For those who wish to discuss the Crysis ransomware or need support, you can use our dedicated Crysis Ransomware Help & Support Topic.

How to protect yourself from the Crysis Ransomware

In order to protect yourself from Crysis, or from any ransomware, it is important that you use good computing habits and security software. First and foremost, you should always have a reliable and tested backup of your data that can be restored in the case of an emergency, such as a ransomware attack.

You should also have security software that contains behavioral detections such as Emsisoft Anti-Malware or Malwarebytes.

Last, but not least, make sure you practice the following good online security habits, which in many cases are the most important steps of all:

  • Backup, Backup, Backup!
  • Do not open attachments if you do not know who sent them.
  • Do not open attachments until you confirm that the person actually sent you them,
  • Scan attachments with tools like VirusTotal.
  • Make sure all Windows updates are installed as soon as they come out! Also make sure you update all programs, especially Java, Flash, and Adobe Reader. Older programs contain security vulnerabilities that are commonly exploited by malware distributors. Therefore it is important to keep them updated.
  • Make sure you use have some sort of security software installed.
  • Use hard passwords and never reuse the same password at multiple sites.
  • If you are using Remote Desktop Services, do not connect it directly to the Internet. Instead make it accessibly only via a VPN.
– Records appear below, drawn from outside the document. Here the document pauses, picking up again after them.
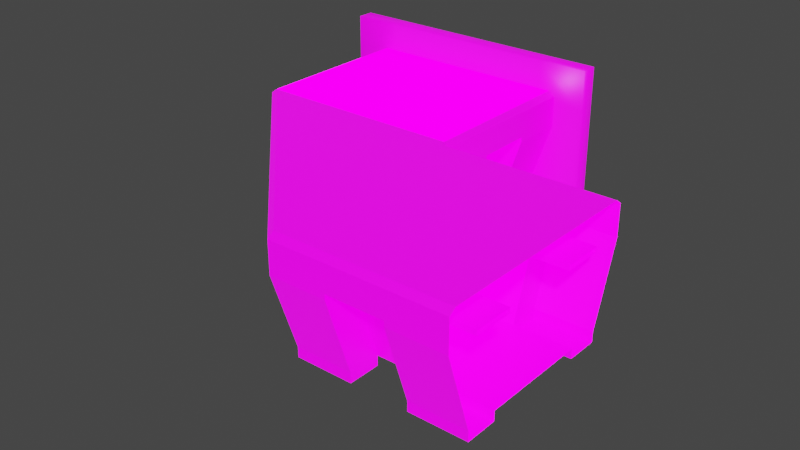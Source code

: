 # Source: Level.blend  (saved by Blender 2.93.21; exported with 4.5.12 LTS)
import bpy
from mathutils import Matrix  # noqa: F401  (used for matrix-valued properties, if any)

bpy.ops.wm.read_factory_settings(use_empty=True)
scene = bpy.context.scene
scene.name = 'Scene'

# ---- collections
col_collection = bpy.data.collections.new('Collection'); scene.collection.children.link(col_collection)

# ---- images (referenced by path relative to the original .blend; pixels are not part of the script)
import os
ASSET_DIR = os.environ.get("B2B_ASSET_DIR", "")  # directory of the original .blend (textures are referenced by path, not embedded)
HERE = os.path.dirname(os.path.abspath(__file__))  # packed textures are extracted next to this script under _unpacked/

def load_image(name, relpath, width, height, colorspace="sRGB"):
    """Load a texture the original file referenced (path relative to the .blend, or extracted next to this script)."""
    p = next((c for c in (os.path.join(HERE, relpath), os.path.join(ASSET_DIR, relpath)) if relpath and os.path.exists(c)), "")
    if p:
        img = bpy.data.images.load(p, check_existing=True)
        img.name = name
    else:  # same state as the original file: an image datablock whose file is absent (Cycles renders it pink)
        img = bpy.data.images.new(name, width, height)
        img.source = "FILE"
        img.filepath = "//" + (relpath or name)
    img.colorspace_settings.name = colorspace
    return img
img_atlas_png = load_image('Atlas.png', 'Atlas.png', 1024, 1024, 'sRGB')
img_wall_png = load_image('Wall.png', 'Wall.png', 1024, 1024, 'sRGB')

# ---- materials (node trees are filled in below, after node groups)
mat_atlas = bpy.data.materials.new('Atlas')
mat_atlas.use_transparent_shadow = False
mat_material = bpy.data.materials.new('Material')
mat_material.alpha_threshold = 0.0
mat_material.use_backface_culling = True
mat_material.line_color = (0.0, 0.0, 0.0, 1.0)

# ---- material node trees
mat_atlas.use_nodes = True; mat_atlas.node_tree.nodes.clear()
_N = mat_atlas.node_tree.nodes; _L = mat_atlas.node_tree.links
n0 = _N.new('ShaderNodeBsdfPrincipled'); n0.name = 'Principled BSDF'; n0.location = (10, 300)
n0.distribution = 'GGX'
n0.subsurface_method = 'BURLEY'
n0.inputs[3].default_value = 1.45
n0.inputs[28].default_value = 1.0
n1 = _N.new('ShaderNodeOutputMaterial'); n1.name = 'Material Output'; n1.location = (300, 300)
n2 = _N.new('ShaderNodeTexImage'); n2.name = 'Image Texture'; n2.location = (-280, -60)
n2.image = img_atlas_png
n3 = _N.new('ShaderNodeTexImage'); n3.name = 'Image Texture.001'; n3.location = (-280, 280)
n3.image = img_atlas_png
_L.new(n0.outputs[0], n1.inputs[0])
_L.new(n2.outputs[0], n0.inputs[27])
_L.new(n3.outputs[0], n0.inputs[0])
n1.is_active_output = True
mat_material.use_nodes = True; mat_material.node_tree.nodes.clear()
_N = mat_material.node_tree.nodes; _L = mat_material.node_tree.links
n0 = _N.new('ShaderNodeOutputMaterial'); n0.name = 'Material Output'; n0.location = (300, 300)
n1 = _N.new('ShaderNodeBsdfPrincipled'); n1.name = 'Principled BSDF'; n1.location = (10, 300)
n1.distribution = 'GGX'
n1.subsurface_method = 'BURLEY'
n1.inputs[2].default_value = 0.4
n1.inputs[3].default_value = 1.45
n1.inputs[28].default_value = 1.0
n2 = _N.new('ShaderNodeTexImage'); n2.name = 'Image Texture'; n2.location = (-280, 280)
n2.image = img_wall_png
n3 = _N.new('ShaderNodeTexImage'); n3.name = 'Image Texture.001'; n3.location = (-280, -60)
n3.image = img_wall_png
_L.new(n1.outputs[0], n0.inputs[0])
_L.new(n2.outputs[0], n1.inputs[0])
_L.new(n3.outputs[0], n1.inputs[27])
n0.is_active_output = True

# ---- world
world_world = bpy.data.worlds.new('World'); scene.world = world_world
world_world.use_nodes = True; world_world.node_tree.nodes.clear()
_N = world_world.node_tree.nodes; _L = world_world.node_tree.links
n0 = _N.new('ShaderNodeOutputWorld'); n0.name = 'World Output'; n0.location = (300, 300)
n1 = _N.new('ShaderNodeBackground'); n1.name = 'Background'; n1.location = (10, 300)
n1.inputs[0].default_value = (0.05088, 0.05088, 0.05088, 1.0)
_L.new(n1.outputs[0], n0.inputs[0])
n0.is_active_output = True
world_world.color = (0.05088, 0.05088, 0.05088)
world_world.use_sun_shadow = False
world_world.sun_shadow_jitter_overblur = 0.0

# ---- meshes
me_cube_002 = bpy.data.meshes.new('Cube.002')
me_cube_002.from_pydata([(1.32, 0.3324, -0.4257), (1.32, 0.3324, 0.002051), (0.0, 0.3324, -0.4257), (0.0, 0.3324, 0.002051), (1.758, 0.3324, 0.009264), (1.758, 0.3324, -0.4257), (1.32, 0.3324, 2.583), (1.758, 0.3324, 2.583), (1.32, 0.3324, 2.168), (1.758, 0.3324, 2.168), (0.0, 0.3324, 2.583), (0.0, 0.3324, 2.168), (1.32, 0.1108, 0.08538), (0.0, 0.1108, 0.08538), (1.32, -0.1108, 2.168), (1.32, 0.1108, 2.168), (0.0, -0.1108, 2.168), (0.0, 0.1108, 2.168), (5.54, 0.3324, 0.009264), (5.54, 0.3324, -0.4257), (5.54, 0.3324, 2.583), (5.54, 0.3324, 2.168), (1.32, 0.3324, 5.485), (1.758, 0.3324, 5.485), (0.0, 0.3324, 5.485), (5.54, 0.3324, 5.485), (1.32, 0.3324, -3.441), (0.0, 0.3324, -3.441), (1.758, 0.3324, -3.441), (5.54, 0.3324, -3.441), (5.54, 0.3324, 3.931), (1.758, 0.3324, 3.931), (1.32, 0.3324, 3.931), (0.0, 0.3324, 3.931), (3.57, 0.3324, -0.4257), (3.57, 0.3324, 0.009264), (3.57, 0.3324, 2.583), (0.0, 0.0, 2.168), (3.57, 0.3324, 2.168), (1.32, 0.0, 2.168), (3.57, 0.3324, 5.485), (3.57, 0.3324, -3.441), (0.0, 0.0, 0.08538), (1.32, 0.0, 0.08538), (3.57, 0.3324, 3.931), (5.54, 0.0, -0.4257), (5.54, 0.0, 0.009264), (5.54, 0.0, 2.543), (5.54, 0.0, 2.168), (1.32, 0.0, 5.485), (1.679, 0.0, 5.485), (0.0, 0.0, 5.485), (5.54, 0.0, 5.485), (1.32, 0.0, -3.441), (0.0, 0.0, -3.441), (1.679, 0.0, -3.441), (5.54, 0.0, -3.441), (5.54, 0.0, 3.931), (3.57, 0.0, -3.441), (3.57, 0.0, 5.485)], [], [(2, 3, 1, 0), (0, 1, 4, 5), (32, 33, 24, 22), (31, 32, 22, 23), (9, 8, 6, 7), (4, 1, 8, 9), (34, 35, 18, 19), (8, 15, 17, 11), (6, 8, 11, 10), (44, 31, 23, 40), (39, 14, 16, 37), (1, 12, 15, 8), (1, 3, 13, 12), (48, 21, 20, 47), (46, 18, 21, 48), (34, 19, 29, 41), (35, 38, 21, 18), (38, 36, 20, 21), (49, 22, 24, 51), (57, 30, 25, 52), (53, 26, 28, 55), (58, 41, 29, 56), (2, 0, 26, 27), (0, 5, 28, 26), (47, 20, 30, 57), (36, 7, 31, 44), (7, 6, 32, 31), (6, 10, 33, 32), (20, 36, 44, 30), (55, 28, 41, 58), (9, 7, 36, 38), (4, 9, 38, 35), (5, 34, 41, 28), (30, 44, 40, 25), (5, 4, 35, 34), (23, 50, 59, 40), (19, 45, 56, 29), (27, 26, 53, 54), (15, 39, 37, 17), (40, 59, 52, 25), (22, 49, 50, 23), (12, 43, 39, 15), (12, 13, 42, 43), (19, 18, 46, 45)])
me_cube_002.polygons.foreach_set('use_smooth', [True] * 44)
_uv = me_cube_002.uv_layers.new(name='UVMap')
_uv.uv.foreach_set('vector', [0.4216, 0.9578, 0.4229, 0.999, 0.2597, 0.999, 0.2588, 0.9552, 0.08584, 0.9069, 0.08737, 0.9468, 0.04547, 0.9469, 0.04537, 0.9068, 0.07148, 0.8, 0.1746, 0.8, 0.1743, 0.907, 0.07148, 0.907, 0.03835, 0.8, 0.07148, 0.8, 0.07148, 0.907, 0.03835, 0.907, 0.08596, 0.9067, 0.0841, 0.9463, 0.04527, 0.9463, 0.04712, 0.9071, 0.005198, 0.8006, 0.03625, 0.8013, 0.0396, 0.9448, 0.005686, 0.9448, 0.4208, 0.9559, 0.4214, 0.997, 0.2639, 0.997, 0.2627, 0.9559, 0.1365, 0.9978, 0.1365, 0.9832, 0.2277, 0.9832, 0.2277, 0.9978, 0.1001, 0.9462, 0.09945, 0.9094, 0.1895, 0.9073, 0.1875, 0.9465, 0.03657, 0.7995, 0.1742, 0.7992, 0.1731, 0.9083, 0.03889, 0.9075, 0.1365, 0.9758, 0.1365, 0.9685, 0.2277, 0.9685, 0.2277, 0.9758, 0.243, 0.9527, 0.2387, 0.9675, 0.1304, 0.9675, 0.1304, 0.9527, 0.00447, 0.9525, 0.1011, 0.9525, 0.1011, 0.9678, 0.00447, 0.9678, 0.07487, 0.8307, 0.07463, 0.8307, 0.07463, 0.8304, 0.07487, 0.8305, 0.07487, 0.8323, 0.07463, 0.8323, 0.07463, 0.8307, 0.07487, 0.8307, 0.1015, 0.9078, 0.03819, 0.9078, 0.03819, 0.7996, 0.1015, 0.7996, 0.1717, 0.8037, 0.1717, 0.8884, 0.03909, 0.8884, 0.03909, 0.8037, 0.1717, 0.8884, 0.1717, 0.9046, 0.03909, 0.9046, 0.03909, 0.8884, 0.07487, 0.8252, 0.07463, 0.8252, 0.07463, 0.8242, 0.07487, 0.8242, 0.07487, 0.8295, 0.07463, 0.8295, 0.07463, 0.8283, 0.07487, 0.8283, 0.07487, 0.838, 0.07463, 0.838, 0.07463, 0.8376, 0.07487, 0.8377, 0.07487, 0.8363, 0.07463, 0.8363, 0.07463, 0.8349, 0.07487, 0.8349, 0.26, 0.9988, 0.2594, 0.9539, 0.4208, 0.9575, 0.4229, 0.9986, 0.1738, 0.9078, 0.1598, 0.9078, 0.1598, 0.7996, 0.1738, 0.7996, 0.07487, 0.8305, 0.07463, 0.8304, 0.07463, 0.8295, 0.07487, 0.8295, 0.03809, 0.7997, 0.1727, 0.8005, 0.1723, 0.9082, 0.03964, 0.9074, 0.03872, 0.8001, 0.07167, 0.8001, 0.07167, 0.9055, 0.03872, 0.9055, 0.07167, 0.8001, 0.1749, 0.8001, 0.1712, 0.907, 0.07167, 0.9055, 0.03713, 0.7998, 0.1736, 0.7998, 0.1736, 0.9077, 0.03752, 0.9077, 0.07487, 0.8377, 0.07463, 0.8376, 0.07463, 0.8363, 0.07487, 0.8363, 0.1747, 0.891, 0.1747, 0.9087, 0.03881, 0.9087, 0.03881, 0.891, 0.1747, 0.7988, 0.1747, 0.891, 0.03881, 0.891, 0.03881, 0.7988, 0.1598, 0.9078, 0.1015, 0.9078, 0.1015, 0.7996, 0.1598, 0.7996, 0.0369, 0.7994, 0.1731, 0.7994, 0.1731, 0.9068, 0.03922, 0.9072, 0.4236, 0.9552, 0.4224, 0.9971, 0.2616, 0.9965, 0.2616, 0.9564, 0.07463, 0.8255, 0.07487, 0.8255, 0.07487, 0.8269, 0.07463, 0.8269, 0.07463, 0.8327, 0.07487, 0.8327, 0.07487, 0.8349, 0.07463, 0.8349, 0.07463, 0.8389, 0.07463, 0.838, 0.07487, 0.838, 0.07487, 0.8389, 0.1365, 0.9832, 0.1365, 0.9758, 0.2277, 0.9758, 0.2277, 0.9832, 0.07463, 0.8269, 0.07487, 0.8269, 0.07487, 0.8283, 0.07463, 0.8283, 0.07463, 0.8252, 0.07487, 0.8252, 0.07487, 0.8255, 0.07463, 0.8255, 0.2387, 0.9675, 0.2387, 0.9749, 0.1304, 0.9749, 0.1304, 0.9675, 0.00447, 0.9678, 0.1011, 0.9678, 0.1011, 0.9755, 0.00447, 0.9755, 0.07463, 0.8327, 0.07463, 0.8323, 0.07487, 0.8323, 0.07487, 0.8327])
me_cube_002.materials.append(mat_atlas)
me_cube_002.use_remesh_fix_poles = True
me_cube_002.use_remesh_preserve_attributes = False
me_cube_002.update()
me_corridor = bpy.data.meshes.new('Corridor')
me_corridor.from_pydata([(3.304, -6.853, 3.564e-05), (3.304, -0.2448, 3.564e-05), (0.0, -0.2448, 3.564e-05), (0.0, -6.853, 3.564e-05), (4.304, -6.853, 3.0), (4.304, -0.2448, 3.0), (3.304, -2.448, 3.564e-05), (3.304, -4.651, 3.564e-05), (0.0, -2.448, 3.564e-05), (0.0, -4.651, 3.564e-05), (4.304, -2.448, 3.0), (4.304, -4.651, 3.0), (2.066, -0.2448, 3.564e-05), (2.066, -6.853, 3.564e-05), (2.066, -2.448, 3.564e-05), (2.066, -4.651, 3.564e-05), (3.066, -2.448, 3.0), (3.066, -4.651, 3.0), (2.066, -0.2448, -0.3728), (3.304, -0.2448, -0.3728), (3.304, -4.651, -0.3728), (3.304, -6.853, -0.3728), (3.304, -2.448, -0.3728), (2.066, -2.448, -0.3728), (2.066, -4.651, -0.3728), (2.066, -6.853, -0.3728), (0.0, -2.448, 3.0), (0.0, -4.651, 3.0), (4.304, -6.853, 3.198), (4.304, -0.2448, 3.198), (4.304, -2.448, 3.198), (4.304, -4.651, 3.198), (3.066, -2.448, 3.198), (3.066, -4.651, 3.198), (0.0, -2.448, 3.198), (0.0, -4.651, 3.198), (1.533, -2.448, 3.0), (1.533, -4.651, 3.0), (1.533, -2.448, 3.198), (1.533, -4.651, 3.198), (3.066, -6.853, 3.0), (3.066, -6.853, 3.198), (1.533, -6.853, 3.0), (1.533, -6.853, 3.198), (1.533, -0.2448, 3.0), (3.066, -0.2448, 3.0), (1.533, -0.2448, 3.198), (3.066, -0.2448, 3.198), (4.304, -6.853, 4.198), (4.304, -0.2448, 4.198), (4.304, -2.448, 4.198), (4.304, -4.651, 4.198), (4.05, -6.853, 4.382), (4.05, -0.2448, 4.382), (4.05, -2.448, 4.382), (4.05, -4.651, 4.382), (0.0, -6.853, 4.382), (0.0, -0.2448, 4.382), (0.0, -2.448, 4.382), (0.0, -4.651, 4.382)], [], [(15, 9, 3, 13), (7, 0, 4, 11), (1, 6, 10, 5), (10, 6, 14, 16), (12, 2, 8, 14), (14, 8, 9, 15), (11, 17, 15, 7), (12, 14, 23, 18), (15, 17, 16, 14), (19, 18, 23, 22), (20, 24, 25, 21), (6, 1, 19, 22), (7, 15, 24, 20), (15, 13, 25, 24), (0, 7, 20, 21), (14, 6, 22, 23), (36, 37, 27, 26), (36, 26, 34, 38), (5, 10, 30, 29), (17, 33, 41, 40), (17, 11, 31, 33), (10, 16, 32, 30), (11, 4, 28, 31), (38, 39, 33, 32), (32, 33, 31, 30), (34, 35, 39, 38), (27, 37, 39, 35), (32, 16, 45, 47), (16, 17, 37, 36), (39, 37, 42, 43), (33, 39, 43, 41), (37, 17, 40, 42), (38, 32, 47, 46), (16, 36, 44, 45), (36, 38, 46, 44), (30, 31, 51, 50), (29, 30, 50, 49), (31, 28, 48, 51), (50, 51, 55, 54), (49, 50, 54, 53), (51, 48, 52, 55), (54, 55, 59, 58), (53, 54, 58, 57), (55, 52, 56, 59)])
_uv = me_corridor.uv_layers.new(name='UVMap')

For a complete guide on ransomware protection, you visit our How to Protect and Harden a Computer against Ransomware article.

Related Articles:

The Week in Ransomware - December 7th 2018 - WeChat Ransomware, Scammers, & More

Ransomware Infects 100K PCs in China, Demands WeChat Payment

Chinese Police Arrest Dev Behind UNNAMED1989 WeChat Ransomware

Company Pretends to Decrypt Ransomware But Just Pays Ransom

Moscow's New Cable Car System Infected with Ransomware the Day After it Opens



ARENA SHA256: a683494fc0d017fd3b4638f8b84caaaac145cc28bc211bd7361723368b4bb21e

Arena Crysis Ransomware FILES ENCRYPTED.TXT Ransom Note:

all your data has been locked us
You want to return?
write email

Arena Crysis Ransomware INFO.hta Ransom Note:

All your files have been encrypted!
All your files have been encrypted due to a security problem with your PC. If you want to restore them, write us to the e-mail
Write this ID in the title of your message [id]
In case of no answer in 24 hours write us to theese
You have to pay for decryption in Bitcoins. The price depends on how fast you write to us. After payment we will send you the decryption tool that will decrypt all your files. 
Free decryption as guarantee
Before paying you can send us up to 5 files for free decryption. The total size of files must be less than 10Mb (non archived), and files should not contain valuable information. (databases,backups, large excel sheets, etc.) 
How to obtain Bitcoins
The easiest way to buy bitcoins is LocalBitcoins site. You have to register, click 'Buy bitcoins', and select the seller by payment method and price. 
Also you can find other places to buy Bitcoins and beginners guide here: 
Do not rename encrypted files. 
Do not try to decrypt your data using third party software, it may cause permanent data loss. 
Decryption of your files with the help of third parties may cause increased price (they add their fee to our) or you can become a victim of a scam.